Su fama traspasaba fronteras. Era un pintor renombrado que había conseguido entrar en los círculos de la alta sociedad. Tenía dos grandes pasiones, la pintura y el mar. No concebía la una sin la otra. Durante décadas se dedicó a pintar las olas de todas las formas imaginables, tranquilas como un bálsamo, bravas, rompiendo contra los acantilados, grises, azules, verdes. Con mucha espuma, sin ella. Saltando desde el mar al paseo marítimo. No había versión de olas que no hubiera retratado. Lo mismo recorría las playas asturianas, que las de Cádiz o las de Valencia. Disfrutaba mucho pintando en días de tormenta. No sabía por qué, pero los días de tormenta le aportaban algo especial, diferente.
De pronto dejaron de encargarle obras, ya casi nadie preguntaba por ellas y no sabía por qué. Su fama había ido disminuyendo igual que disminuía la espuma de las olas con la resaca. Le costó tiempo ascender, ganarse un nombre, pero la caída habia sido estrepitosa.
Era presa fácil que muy pronto buscó refugio en el alcohol. Dejó de recorrer las playas, no se preocupaba de si la tarde estaba apacible o de tormenta.
Ultimamente se le podía ver durmiendo en cualquier rincón de la ciudad, sobre una cama de periódicos y revistas, con la botella medio vacía a su lado y apestando a alcohol. En un momento de lucidez, algo escrito en una hoja de revista llamó su atención. La imagen estaba borrosa, desgastada por el paso del tiempo. Era él, y a su lado, posando, una camarera del Grand Hotel de la capital.

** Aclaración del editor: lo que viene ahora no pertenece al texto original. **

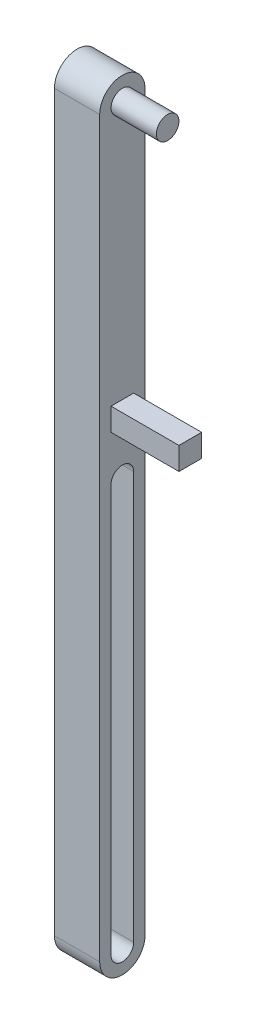
ISO-10303-21;
HEADER;
FILE_DESCRIPTION(('STEP AP214'),'2;1');
FILE_NAME('part.step','',(''),(''),'','','');
FILE_SCHEMA(('AUTOMOTIVE_DESIGN { 1 0 10303 214 1 1 1 1 }'));
ENDSEC;
DATA;
#1=APPLICATION_CONTEXT('core data for automotive mechanical design processes');
#2=APPLICATION_PROTOCOL_DEFINITION('international standard','automotive_design',2000,#1);
#3=PRODUCT_CONTEXT('',#1,'mechanical');
#4=PRODUCT('Part','Part','',(#3));
#5=PRODUCT_RELATED_PRODUCT_CATEGORY('part','',(#4));
#6=PRODUCT_DEFINITION_FORMATION('','',#4);
#7=PRODUCT_DEFINITION_CONTEXT('part definition',#1,'design');
#8=PRODUCT_DEFINITION('design','',#6,#7);
#9=PRODUCT_DEFINITION_SHAPE('','',#8);
#10=(LENGTH_UNIT() NAMED_UNIT(*) SI_UNIT(.MILLI.,.METRE.));
#11=(NAMED_UNIT(*) PLANE_ANGLE_UNIT() SI_UNIT($,.RADIAN.));
#12=(NAMED_UNIT(*) SI_UNIT($,.STERADIAN.) SOLID_ANGLE_UNIT());
#13=UNCERTAINTY_MEASURE_WITH_UNIT(LENGTH_MEASURE(1.E-05),#10,'distance_accuracy_value','');
#14=(GEOMETRIC_REPRESENTATION_CONTEXT(3) GLOBAL_UNCERTAINTY_ASSIGNED_CONTEXT((#13)) GLOBAL_UNIT_ASSIGNED_CONTEXT((#10,
#11,#12)) REPRESENTATION_CONTEXT('',''));
#15=CARTESIAN_POINT('',(0.,0.,0.));
#16=DIRECTION('',(0.,0.,1.));
#17=DIRECTION('',(1.,0.,0.));
#18=AXIS2_PLACEMENT_3D('',#15,#16,#17);
#19=CARTESIAN_POINT('',(-12.,0.,-236.412295168564));
#20=DIRECTION('',(0.,0.,1.));
#21=DIRECTION('',(1.,0.,0.));
#22=AXIS2_PLACEMENT_3D('',#19,#20,#21);
#23=PLANE('',#22);
#24=DIRECTION('',(0.,-1.,0.));
#25=VECTOR('',#24,1.);
#26=CARTESIAN_POINT('',(-3.99999999999999,0.,-236.412295168564));
#27=LINE('',#26,#25);
#28=CARTESIAN_POINT('',(-3.99999999999999,-131.821024249135,-236.412295168564));
#29=VERTEX_POINT('',#28);
#30=CARTESIAN_POINT('',(-3.99999999999999,-261.443240014958,-236.412295168564));
#31=VERTEX_POINT('',#30);
#32=EDGE_CURVE('E159',#29,#31,#27,.T.);
#33=ORIENTED_EDGE('',*,*,#32,.T.);
#34=DIRECTION('',(1.,0.,0.));
#35=VECTOR('',#34,1.);
#36=CARTESIAN_POINT('',(-12.,-261.443240014958,-236.412295168564));
#37=LINE('',#36,#35);
#38=CARTESIAN_POINT('',(-12.,-261.443240014958,-236.412295168564));
#39=VERTEX_POINT('',#38);
#40=EDGE_CURVE('E45',#39,#31,#37,.T.);
#41=ORIENTED_EDGE('',*,*,#40,.F.);
#42=DIRECTION('',(0.,-1.,0.));
#43=VECTOR('',#42,1.);
#44=CARTESIAN_POINT('',(-12.,0.,-236.412295168564));
#45=LINE('',#44,#43);
#46=CARTESIAN_POINT('',(-12.,-131.821024249135,-236.412295168564));
#47=VERTEX_POINT('',#46);
#48=EDGE_CURVE('E126',#47,#39,#45,.T.);
#49=ORIENTED_EDGE('',*,*,#48,.F.);
#50=DIRECTION('',(1.,0.,0.));
#51=VECTOR('',#50,1.);
#52=CARTESIAN_POINT('',(-12.,-131.821024249135,-236.412295168564));
#53=LINE('',#52,#51);
#54=EDGE_CURVE('E61',#47,#29,#53,.T.);
#55=ORIENTED_EDGE('',*,*,#54,.T.);
#56=EDGE_LOOP('',(#33,#41,#49,#55));
#57=FACE_BOUND('',#56,.T.);
#58=ADVANCED_FACE('F37',(#57),#23,.F.);
#59=CARTESIAN_POINT('',(-12.,-261.443240014958,-232.412295168564));
#60=DIRECTION('',(1.,0.,0.));
#61=DIRECTION('',(0.,0.,-1.));
#62=AXIS2_PLACEMENT_3D('',#59,#60,#61);
#63=CYLINDRICAL_SURFACE('',#62,4.);
#64=CARTESIAN_POINT('',(-3.99999999999999,-261.443240014958,-232.412295168564));
#65=DIRECTION('',(-1.,0.,0.));
#66=DIRECTION('',(0.,0.,1.));
#67=AXIS2_PLACEMENT_3D('',#64,#65,#66);
#68=CIRCLE('',#67,4.);
#69=CARTESIAN_POINT('',(-3.99999999999999,-261.443240014958,-228.412295168564));
#70=VERTEX_POINT('',#69);
#71=EDGE_CURVE('E134',#31,#70,#68,.T.);
#72=ORIENTED_EDGE('',*,*,#71,.T.);
#73=DIRECTION('',(1.,0.,0.));
#74=VECTOR('',#73,1.);
#75=CARTESIAN_POINT('',(-12.,-261.443240014958,-228.412295168564));
#76=LINE('',#75,#74);
#77=CARTESIAN_POINT('',(-12.,-261.443240014958,-228.412295168564));
#78=VERTEX_POINT('',#77);
#79=EDGE_CURVE('E132',#78,#70,#76,.T.);
#80=ORIENTED_EDGE('',*,*,#79,.F.);
#81=CARTESIAN_POINT('',(-12.,-261.443240014958,-232.412295168564));
#82=DIRECTION('',(-1.,0.,0.));
#83=DIRECTION('',(0.,0.,1.));
#84=AXIS2_PLACEMENT_3D('',#81,#82,#83);
#85=CIRCLE('',#84,4.);
#86=EDGE_CURVE('E120',#39,#78,#85,.T.);
#87=ORIENTED_EDGE('',*,*,#86,.F.);
#88=ORIENTED_EDGE('',*,*,#40,.T.);
#89=EDGE_LOOP('',(#72,#80,#87,#88));
#90=FACE_BOUND('',#89,.T.);
#91=ADVANCED_FACE('F133',(#90),#63,.T.);
#92=CARTESIAN_POINT('',(-12.,0.,-228.412295168564));
#93=DIRECTION('',(0.,0.,1.));
#94=DIRECTION('',(1.,0.,0.));
#95=AXIS2_PLACEMENT_3D('',#92,#93,#94);
#96=PLANE('',#95);
#97=DIRECTION('',(0.,-1.,0.));
#98=VECTOR('',#97,1.);
#99=CARTESIAN_POINT('',(-3.99999999999999,0.,-228.412295168564));
#100=LINE('',#99,#98);
#101=CARTESIAN_POINT('',(-3.99999999999999,-131.821024249135,-228.412295168564));
#102=VERTEX_POINT('',#101);
#103=EDGE_CURVE('E162',#102,#70,#100,.T.);
#104=ORIENTED_EDGE('',*,*,#103,.F.);
#105=DIRECTION('',(1.,0.,0.));
#106=VECTOR('',#105,1.);
#107=CARTESIAN_POINT('',(-12.,-131.821024249135,-228.412295168564));
#108=LINE('',#107,#106);
#109=CARTESIAN_POINT('',(-12.,-131.821024249135,-228.412295168564));
#110=VERTEX_POINT('',#109);
#111=EDGE_CURVE('E138',#110,#102,#108,.T.);
#112=ORIENTED_EDGE('',*,*,#111,.F.);
#113=DIRECTION('',(0.,-1.,0.));
#114=VECTOR('',#113,1.);
#115=CARTESIAN_POINT('',(-12.,0.,-228.412295168564));
#116=LINE('',#115,#114);
#117=EDGE_CURVE('E125',#110,#78,#116,.T.);
#118=ORIENTED_EDGE('',*,*,#117,.T.);
#119=ORIENTED_EDGE('',*,*,#79,.T.);
#120=EDGE_LOOP('',(#104,#112,#118,#119));
#121=FACE_BOUND('',#120,.T.);
#122=ADVANCED_FACE('F140',(#121),#96,.T.);
#123=CARTESIAN_POINT('',(-12.,-261.443240014958,-232.412295168564));
#124=DIRECTION('',(1.,0.,0.));
#125=DIRECTION('',(0.,0.,-1.));
#126=AXIS2_PLACEMENT_3D('',#123,#124,#125);
#127=CYLINDRICAL_SURFACE('',#126,2.);
#128=CARTESIAN_POINT('',(-3.99999999999999,-261.443240014958,-232.412295168564));
#129=DIRECTION('',(-1.,0.,0.));
#130=DIRECTION('',(0.,0.,1.));
#131=AXIS2_PLACEMENT_3D('',#128,#129,#130);
#132=CIRCLE('',#131,2.);
#133=CARTESIAN_POINT('',(-3.99999999999999,-261.443240014958,-234.412295168564));
#134=VERTEX_POINT('',#133);
#135=CARTESIAN_POINT('',(-3.99999999999999,-261.443240014958,-230.412295168564));
#136=VERTEX_POINT('',#135);
#137=EDGE_CURVE('E147',#134,#136,#132,.T.);
#138=ORIENTED_EDGE('',*,*,#137,.F.);
#139=DIRECTION('',(1.,0.,0.));
#140=VECTOR('',#139,1.);
#141=CARTESIAN_POINT('',(-12.,-261.443240014958,-234.412295168564));
#142=LINE('',#141,#140);
#143=CARTESIAN_POINT('',(-12.,-261.443240014958,-234.412295168564));
#144=VERTEX_POINT('',#143);
#145=EDGE_CURVE('E100',#144,#134,#142,.T.);
#146=ORIENTED_EDGE('',*,*,#145,.F.);
#147=CARTESIAN_POINT('',(-12.,-261.443240014958,-232.412295168564));
#148=DIRECTION('',(-1.,0.,0.));
#149=DIRECTION('',(0.,0.,1.));
#150=AXIS2_PLACEMENT_3D('',#147,#148,#149);
#151=CIRCLE('',#150,2.);
#152=CARTESIAN_POINT('',(-12.,-261.443240014958,-230.412295168564));
#153=VERTEX_POINT('',#152);
#154=EDGE_CURVE('E167',#144,#153,#151,.T.);
#155=ORIENTED_EDGE('',*,*,#154,.T.);
#156=DIRECTION('',(1.,0.,0.));
#157=VECTOR('',#156,1.);
#158=CARTESIAN_POINT('',(-12.,-261.443240014958,-230.412295168564));
#159=LINE('',#158,#157);
#160=EDGE_CURVE('E143',#153,#136,#159,.T.);
#161=ORIENTED_EDGE('',*,*,#160,.T.);
#162=EDGE_LOOP('',(#138,#146,#155,#161));
#163=FACE_BOUND('',#162,.T.);
#164=ADVANCED_FACE('F39',(#163),#127,.F.);
#165=CARTESIAN_POINT('',(-12.,0.,-234.412295168564));
#166=DIRECTION('',(0.,0.,1.));
#167=DIRECTION('',(1.,0.,0.));
#168=AXIS2_PLACEMENT_3D('',#165,#166,#167);
#169=PLANE('',#168);
#170=DIRECTION('',(0.,-1.,0.));
#171=VECTOR('',#170,1.);
#172=CARTESIAN_POINT('',(-3.99999999999999,0.,-234.412295168564));
#173=LINE('',#172,#171);
#174=CARTESIAN_POINT('',(-3.99999999999999,-189.443240014958,-234.412295168564));
#175=VERTEX_POINT('',#174);
#176=EDGE_CURVE('E150',#175,#134,#173,.T.);
#177=ORIENTED_EDGE('',*,*,#176,.F.);
#178=DIRECTION('',(1.,0.,0.));
#179=VECTOR('',#178,1.);
#180=CARTESIAN_POINT('',(-12.,-189.443240014958,-234.412295168564));
#181=LINE('',#180,#179);
#182=CARTESIAN_POINT('',(-12.,-189.443240014958,-234.412295168564));
#183=VERTEX_POINT('',#182);
#184=EDGE_CURVE('E175',#183,#175,#181,.T.);
#185=ORIENTED_EDGE('',*,*,#184,.F.);
#186=DIRECTION('',(0.,-1.,0.));
#187=VECTOR('',#186,1.);
#188=CARTESIAN_POINT('',(-12.,0.,-234.412295168564));
#189=LINE('',#188,#187);
#190=EDGE_CURVE('E181',#183,#144,#189,.T.);
#191=ORIENTED_EDGE('',*,*,#190,.T.);
#192=ORIENTED_EDGE('',*,*,#145,.T.);
#193=EDGE_LOOP('',(#177,#185,#191,#192));
#194=FACE_BOUND('',#193,.T.);
#195=ADVANCED_FACE('F179',(#194),#169,.T.);
#196=CARTESIAN_POINT('',(-12.,-189.443240014958,-232.412295168564));
#197=DIRECTION('',(1.,0.,0.));
#198=DIRECTION('',(0.,0.,-1.));
#199=AXIS2_PLACEMENT_3D('',#196,#197,#198);
#200=CYLINDRICAL_SURFACE('',#199,2.);
#201=CARTESIAN_POINT('',(-3.99999999999999,-189.443240014958,-232.412295168564));
#202=DIRECTION('',(-1.,0.,0.));
#203=DIRECTION('',(0.,0.,1.));
#204=AXIS2_PLACEMENT_3D('',#201,#202,#203);
#205=CIRCLE('',#204,2.);
#206=CARTESIAN_POINT('',(-3.99999999999999,-189.443240014958,-230.412295168564));
#207=VERTEX_POINT('',#206);
#208=EDGE_CURVE('E154',#175,#207,#205,.F.);
#209=ORIENTED_EDGE('',*,*,#208,.T.);
#210=DIRECTION('',(1.,0.,0.));
#211=VECTOR('',#210,1.);
#212=CARTESIAN_POINT('',(-12.,-189.443240014958,-230.412295168564));
#213=LINE('',#212,#211);
#214=CARTESIAN_POINT('',(-12.,-189.443240014958,-230.412295168564));
#215=VERTEX_POINT('',#214);
#216=EDGE_CURVE('E172',#215,#207,#213,.T.);
#217=ORIENTED_EDGE('',*,*,#216,.F.);
#218=CARTESIAN_POINT('',(-12.,-189.443240014958,-232.412295168564));
#219=DIRECTION('',(-1.,0.,0.));
#220=DIRECTION('',(0.,0.,1.));
#221=AXIS2_PLACEMENT_3D('',#218,#219,#220);
#222=CIRCLE('',#221,2.);
#223=EDGE_CURVE('E197',#183,#215,#222,.F.);
#224=ORIENTED_EDGE('',*,*,#223,.F.);
#225=ORIENTED_EDGE('',*,*,#184,.T.);
#226=EDGE_LOOP('',(#209,#217,#224,#225));
#227=FACE_BOUND('',#226,.T.);
#228=ADVANCED_FACE('F190',(#227),#200,.F.);
#229=CARTESIAN_POINT('',(-12.,0.,-230.412295168564));
#230=DIRECTION('',(0.,0.,1.));
#231=DIRECTION('',(1.,0.,0.));
#232=AXIS2_PLACEMENT_3D('',#229,#230,#231);
#233=PLANE('',#232);
#234=DIRECTION('',(0.,-1.,0.));
#235=VECTOR('',#234,1.);
#236=CARTESIAN_POINT('',(-3.99999999999999,0.,-230.412295168564));
#237=LINE('',#236,#235);
#238=EDGE_CURVE('E156',#207,#136,#237,.T.);
#239=ORIENTED_EDGE('',*,*,#238,.T.);
#240=ORIENTED_EDGE('',*,*,#160,.F.);
#241=DIRECTION('',(0.,-1.,0.));
#242=VECTOR('',#241,1.);
#243=CARTESIAN_POINT('',(-12.,0.,-230.412295168564));
#244=LINE('',#243,#242);
#245=EDGE_CURVE('E195',#215,#153,#244,.T.);
#246=ORIENTED_EDGE('',*,*,#245,.F.);
#247=ORIENTED_EDGE('',*,*,#216,.T.);
#248=EDGE_LOOP('',(#239,#240,#246,#247));
#249=FACE_BOUND('',#248,.T.);
#250=ADVANCED_FACE('F194',(#249),#233,.F.);
#251=CARTESIAN_POINT('',(-12.,-131.821024249135,-232.412295168564));
#252=DIRECTION('',(1.,0.,0.));
#253=DIRECTION('',(0.,0.,-1.));
#254=AXIS2_PLACEMENT_3D('',#251,#252,#253);
#255=CYLINDRICAL_SURFACE('',#254,4.);
#256=CARTESIAN_POINT('',(-3.99999999999999,-131.821024249135,-232.412295168564));
#257=DIRECTION('',(-1.,0.,0.));
#258=DIRECTION('',(0.,0.,1.));
#259=AXIS2_PLACEMENT_3D('',#256,#257,#258);
#260=CIRCLE('',#259,4.);
#261=EDGE_CURVE('E164',#29,#102,#260,.F.);
#262=ORIENTED_EDGE('',*,*,#261,.F.);
#263=ORIENTED_EDGE('',*,*,#54,.F.);
#264=CARTESIAN_POINT('',(-12.,-131.821024249135,-232.412295168564));
#265=DIRECTION('',(-1.,0.,0.));
#266=DIRECTION('',(0.,0.,1.));
#267=AXIS2_PLACEMENT_3D('',#264,#265,#266);
#268=CIRCLE('',#267,4.);
#269=EDGE_CURVE('E141',#47,#110,#268,.F.);
#270=ORIENTED_EDGE('',*,*,#269,.T.);
#271=ORIENTED_EDGE('',*,*,#111,.T.);
#272=EDGE_LOOP('',(#262,#263,#270,#271));
#273=FACE_BOUND('',#272,.T.);
#274=ADVANCED_FACE('F286',(#273),#255,.T.);
#275=CARTESIAN_POINT('',(-12.,0.,0.));
#276=DIRECTION('',(-1.,0.,0.));
#277=DIRECTION('',(0.,0.,1.));
#278=AXIS2_PLACEMENT_3D('',#275,#276,#277);
#279=PLANE('',#278);
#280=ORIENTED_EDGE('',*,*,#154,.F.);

Lo leyó con avidez, mas no daba crédito crédito a lo que expresan aquellas palabras. Le estaba acusando de maltratador, y contaba una historia dura, agresiva, totalmente inaceptable de haber sido real. Lo peor fue que se trataba de una mentira. La camarera vio su momento de gloria y lo aprovechó. Nadie se preocupó de averiguar la verdad.
Aquella madrugada decidió coger de nuevo sus útiles de pintura y volver a la playa. Se cuenta que aquel fue el mejor cuadro que pintara nunca. Una obra maestra.